▶ What needs to be done: Please return every line below that contains the string "linetypes".

(Records from a data source)
╔══

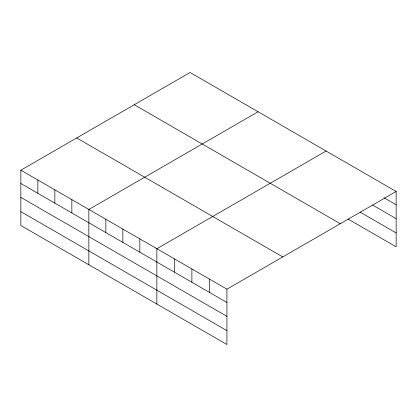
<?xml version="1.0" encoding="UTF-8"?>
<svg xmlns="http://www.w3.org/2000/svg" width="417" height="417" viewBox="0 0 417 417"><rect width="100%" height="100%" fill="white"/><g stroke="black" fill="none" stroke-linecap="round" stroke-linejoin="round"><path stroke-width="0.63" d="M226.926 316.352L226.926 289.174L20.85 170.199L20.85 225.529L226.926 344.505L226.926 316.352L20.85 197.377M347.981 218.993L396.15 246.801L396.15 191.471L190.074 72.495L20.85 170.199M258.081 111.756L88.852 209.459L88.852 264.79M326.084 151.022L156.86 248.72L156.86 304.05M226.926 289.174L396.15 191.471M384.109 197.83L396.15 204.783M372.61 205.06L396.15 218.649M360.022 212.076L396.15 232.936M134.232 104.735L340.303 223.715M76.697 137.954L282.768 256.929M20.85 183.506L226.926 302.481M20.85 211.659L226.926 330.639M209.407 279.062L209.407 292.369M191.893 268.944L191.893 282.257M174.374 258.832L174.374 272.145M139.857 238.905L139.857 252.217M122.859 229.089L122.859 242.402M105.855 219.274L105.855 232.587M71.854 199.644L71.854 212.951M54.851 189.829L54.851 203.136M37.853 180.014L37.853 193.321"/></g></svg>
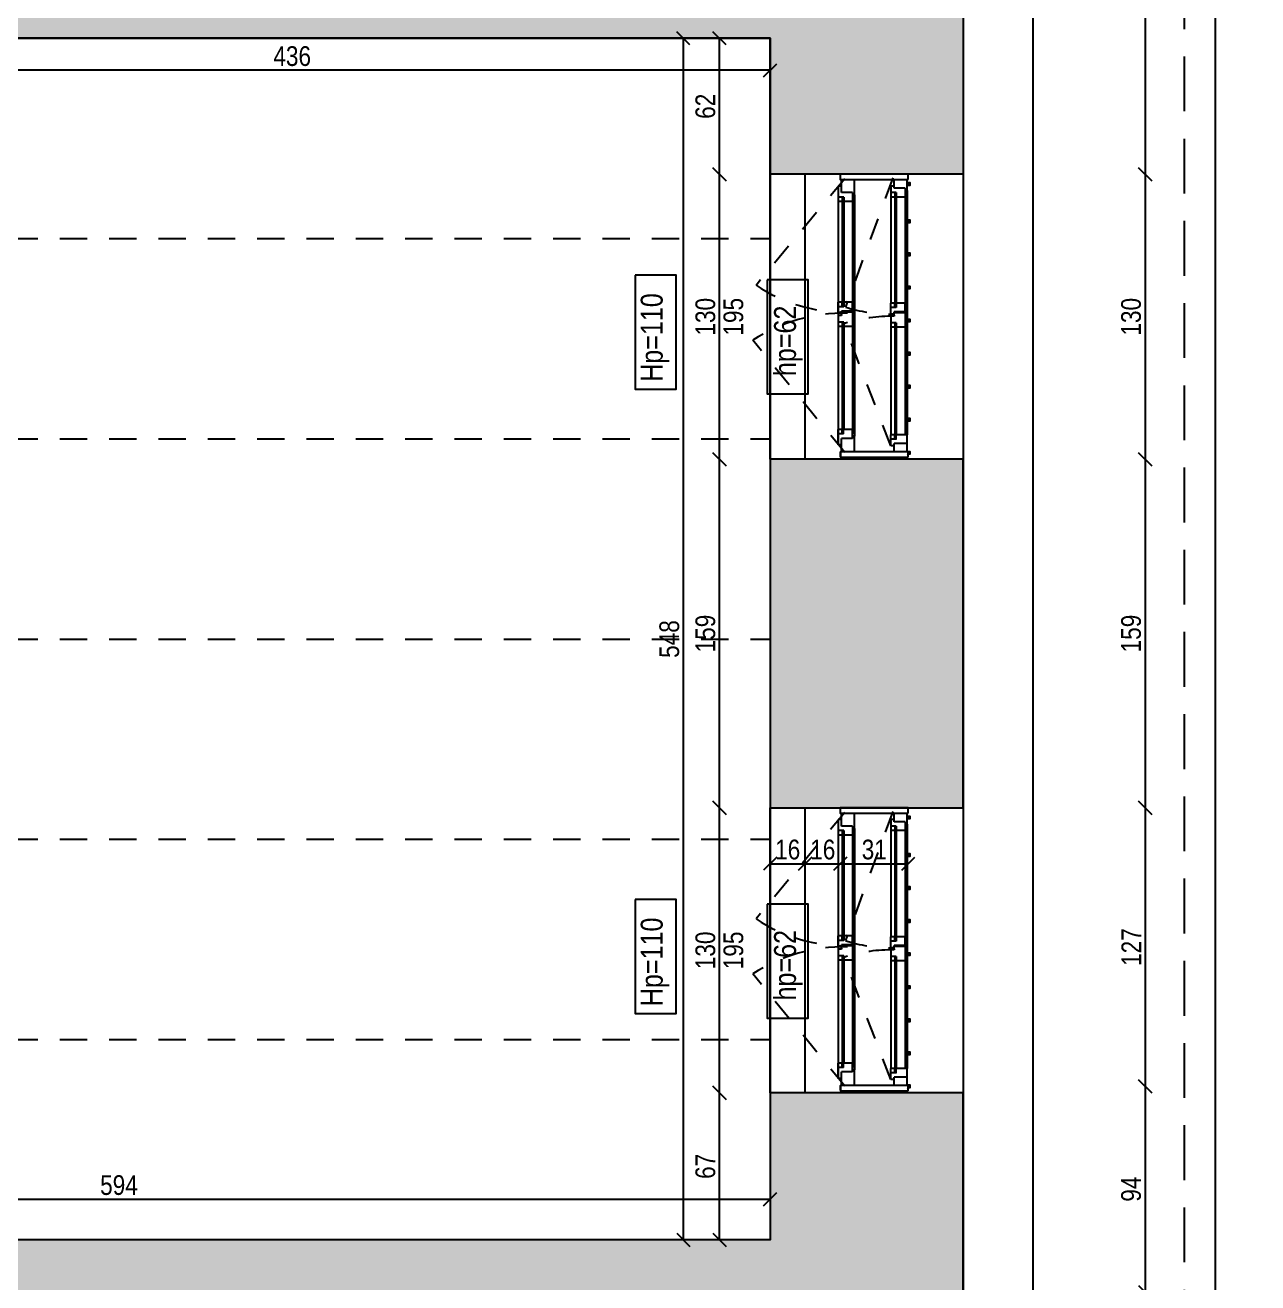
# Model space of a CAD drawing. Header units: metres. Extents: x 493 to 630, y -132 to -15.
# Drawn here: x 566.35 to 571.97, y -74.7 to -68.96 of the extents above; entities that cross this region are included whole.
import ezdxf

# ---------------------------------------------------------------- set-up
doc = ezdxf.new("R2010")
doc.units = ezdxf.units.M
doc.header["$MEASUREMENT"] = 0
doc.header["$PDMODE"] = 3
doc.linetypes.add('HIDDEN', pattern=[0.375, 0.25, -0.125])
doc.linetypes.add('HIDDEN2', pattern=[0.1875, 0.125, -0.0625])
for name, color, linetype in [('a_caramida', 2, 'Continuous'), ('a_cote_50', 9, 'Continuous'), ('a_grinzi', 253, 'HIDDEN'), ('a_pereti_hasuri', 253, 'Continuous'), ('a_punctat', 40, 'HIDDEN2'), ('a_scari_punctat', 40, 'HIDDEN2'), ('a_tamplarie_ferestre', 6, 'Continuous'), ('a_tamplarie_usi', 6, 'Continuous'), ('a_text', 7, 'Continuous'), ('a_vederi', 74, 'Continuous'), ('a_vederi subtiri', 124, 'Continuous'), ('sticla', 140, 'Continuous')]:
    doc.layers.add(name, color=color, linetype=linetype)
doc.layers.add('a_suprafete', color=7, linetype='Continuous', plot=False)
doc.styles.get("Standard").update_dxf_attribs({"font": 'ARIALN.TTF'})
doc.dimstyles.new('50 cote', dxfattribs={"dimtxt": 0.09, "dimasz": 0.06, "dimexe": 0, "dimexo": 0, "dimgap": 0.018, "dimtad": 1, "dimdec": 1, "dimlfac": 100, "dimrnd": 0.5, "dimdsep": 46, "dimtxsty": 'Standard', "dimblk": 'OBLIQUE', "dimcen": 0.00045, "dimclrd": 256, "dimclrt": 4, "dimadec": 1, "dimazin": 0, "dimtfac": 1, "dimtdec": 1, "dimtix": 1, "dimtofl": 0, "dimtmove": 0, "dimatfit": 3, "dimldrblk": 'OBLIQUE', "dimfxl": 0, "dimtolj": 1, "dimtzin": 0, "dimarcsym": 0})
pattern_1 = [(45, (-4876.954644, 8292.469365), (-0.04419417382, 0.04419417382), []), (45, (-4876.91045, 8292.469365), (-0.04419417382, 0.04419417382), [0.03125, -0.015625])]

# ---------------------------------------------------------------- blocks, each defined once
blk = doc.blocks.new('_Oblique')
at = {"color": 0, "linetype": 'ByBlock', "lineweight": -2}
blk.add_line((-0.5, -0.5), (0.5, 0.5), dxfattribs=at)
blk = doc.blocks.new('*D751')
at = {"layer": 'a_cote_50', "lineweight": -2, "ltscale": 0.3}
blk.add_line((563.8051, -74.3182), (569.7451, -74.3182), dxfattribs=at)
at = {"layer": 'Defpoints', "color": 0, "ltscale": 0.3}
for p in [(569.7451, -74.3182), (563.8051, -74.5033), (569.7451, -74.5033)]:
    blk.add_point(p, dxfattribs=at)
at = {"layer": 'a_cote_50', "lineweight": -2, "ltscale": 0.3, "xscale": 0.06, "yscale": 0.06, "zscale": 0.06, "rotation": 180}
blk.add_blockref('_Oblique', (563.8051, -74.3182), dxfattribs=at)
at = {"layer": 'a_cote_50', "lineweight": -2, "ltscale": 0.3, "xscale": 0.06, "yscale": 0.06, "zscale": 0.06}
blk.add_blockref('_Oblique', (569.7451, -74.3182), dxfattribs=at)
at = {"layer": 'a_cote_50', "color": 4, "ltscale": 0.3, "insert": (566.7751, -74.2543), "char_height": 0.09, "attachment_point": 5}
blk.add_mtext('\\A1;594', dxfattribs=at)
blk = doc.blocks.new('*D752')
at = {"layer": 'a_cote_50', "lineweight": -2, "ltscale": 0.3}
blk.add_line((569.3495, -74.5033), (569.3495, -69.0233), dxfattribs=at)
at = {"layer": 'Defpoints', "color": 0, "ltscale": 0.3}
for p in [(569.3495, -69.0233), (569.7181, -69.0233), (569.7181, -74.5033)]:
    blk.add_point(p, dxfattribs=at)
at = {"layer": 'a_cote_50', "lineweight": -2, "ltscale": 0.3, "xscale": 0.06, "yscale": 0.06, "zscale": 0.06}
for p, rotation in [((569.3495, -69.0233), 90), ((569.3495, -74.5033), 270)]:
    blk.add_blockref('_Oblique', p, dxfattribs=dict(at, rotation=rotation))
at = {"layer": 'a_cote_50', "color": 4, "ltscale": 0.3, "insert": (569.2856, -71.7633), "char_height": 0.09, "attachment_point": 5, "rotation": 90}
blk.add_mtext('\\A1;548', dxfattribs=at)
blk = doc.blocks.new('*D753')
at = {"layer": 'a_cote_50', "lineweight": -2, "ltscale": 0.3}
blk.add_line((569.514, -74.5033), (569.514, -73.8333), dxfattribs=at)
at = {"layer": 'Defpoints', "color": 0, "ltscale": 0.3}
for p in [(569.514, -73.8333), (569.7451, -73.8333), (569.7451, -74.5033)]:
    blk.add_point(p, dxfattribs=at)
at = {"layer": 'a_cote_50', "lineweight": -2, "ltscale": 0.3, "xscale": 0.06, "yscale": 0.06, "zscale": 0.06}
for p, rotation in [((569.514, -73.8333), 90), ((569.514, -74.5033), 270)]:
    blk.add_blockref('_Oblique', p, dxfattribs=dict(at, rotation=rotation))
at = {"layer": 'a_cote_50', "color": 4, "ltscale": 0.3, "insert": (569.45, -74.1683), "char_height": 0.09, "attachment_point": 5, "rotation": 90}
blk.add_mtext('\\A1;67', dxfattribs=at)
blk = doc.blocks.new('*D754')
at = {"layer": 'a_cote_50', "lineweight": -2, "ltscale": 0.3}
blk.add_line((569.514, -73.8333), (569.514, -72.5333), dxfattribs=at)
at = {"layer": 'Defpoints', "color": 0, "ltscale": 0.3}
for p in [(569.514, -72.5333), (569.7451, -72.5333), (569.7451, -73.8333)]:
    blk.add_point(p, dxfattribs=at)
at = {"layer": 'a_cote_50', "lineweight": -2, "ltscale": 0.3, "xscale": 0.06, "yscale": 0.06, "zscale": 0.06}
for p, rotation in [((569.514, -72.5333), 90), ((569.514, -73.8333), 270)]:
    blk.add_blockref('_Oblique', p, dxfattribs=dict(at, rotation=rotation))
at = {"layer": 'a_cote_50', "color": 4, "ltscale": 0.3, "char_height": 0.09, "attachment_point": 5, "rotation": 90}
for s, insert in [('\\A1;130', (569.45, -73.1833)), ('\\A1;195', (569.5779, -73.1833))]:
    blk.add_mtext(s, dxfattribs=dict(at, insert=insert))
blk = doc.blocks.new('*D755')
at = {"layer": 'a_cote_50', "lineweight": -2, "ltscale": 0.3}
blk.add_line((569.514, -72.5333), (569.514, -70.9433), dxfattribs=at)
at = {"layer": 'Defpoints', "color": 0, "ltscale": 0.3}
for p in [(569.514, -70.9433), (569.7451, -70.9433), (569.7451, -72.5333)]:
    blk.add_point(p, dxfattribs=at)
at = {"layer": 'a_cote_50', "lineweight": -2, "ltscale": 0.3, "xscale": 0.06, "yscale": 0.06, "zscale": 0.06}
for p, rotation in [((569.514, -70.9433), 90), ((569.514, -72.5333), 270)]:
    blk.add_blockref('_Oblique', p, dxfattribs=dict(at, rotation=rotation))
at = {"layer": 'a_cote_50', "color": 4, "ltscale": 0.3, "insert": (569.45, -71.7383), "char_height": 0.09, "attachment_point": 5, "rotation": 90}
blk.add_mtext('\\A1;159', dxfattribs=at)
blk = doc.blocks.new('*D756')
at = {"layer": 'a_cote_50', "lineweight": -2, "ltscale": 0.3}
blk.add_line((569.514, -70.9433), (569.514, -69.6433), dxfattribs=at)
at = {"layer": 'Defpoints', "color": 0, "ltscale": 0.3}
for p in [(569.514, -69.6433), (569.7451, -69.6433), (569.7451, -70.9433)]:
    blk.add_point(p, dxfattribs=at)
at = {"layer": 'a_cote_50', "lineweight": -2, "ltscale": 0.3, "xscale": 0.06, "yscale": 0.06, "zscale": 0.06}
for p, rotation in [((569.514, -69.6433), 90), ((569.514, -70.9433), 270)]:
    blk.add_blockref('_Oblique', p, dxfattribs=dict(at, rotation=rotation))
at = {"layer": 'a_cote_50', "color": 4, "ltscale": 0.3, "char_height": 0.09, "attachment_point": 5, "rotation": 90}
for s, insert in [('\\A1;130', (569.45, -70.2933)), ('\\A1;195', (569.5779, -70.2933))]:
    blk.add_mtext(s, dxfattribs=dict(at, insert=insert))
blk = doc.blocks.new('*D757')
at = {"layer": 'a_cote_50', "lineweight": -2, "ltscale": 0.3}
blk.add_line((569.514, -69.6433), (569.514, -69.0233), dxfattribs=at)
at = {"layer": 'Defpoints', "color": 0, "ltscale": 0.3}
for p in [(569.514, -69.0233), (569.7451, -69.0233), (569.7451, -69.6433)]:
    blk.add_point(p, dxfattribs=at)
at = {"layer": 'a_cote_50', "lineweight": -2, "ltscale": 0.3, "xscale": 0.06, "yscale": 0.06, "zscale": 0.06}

╚══

▶ Answer for the task:
doc.linetypes.add('HIDDEN', pattern=[0.375, 0.25, -0.125])
doc.linetypes.add('HIDDEN2', pattern=[0.1875, 0.125, -0.0625])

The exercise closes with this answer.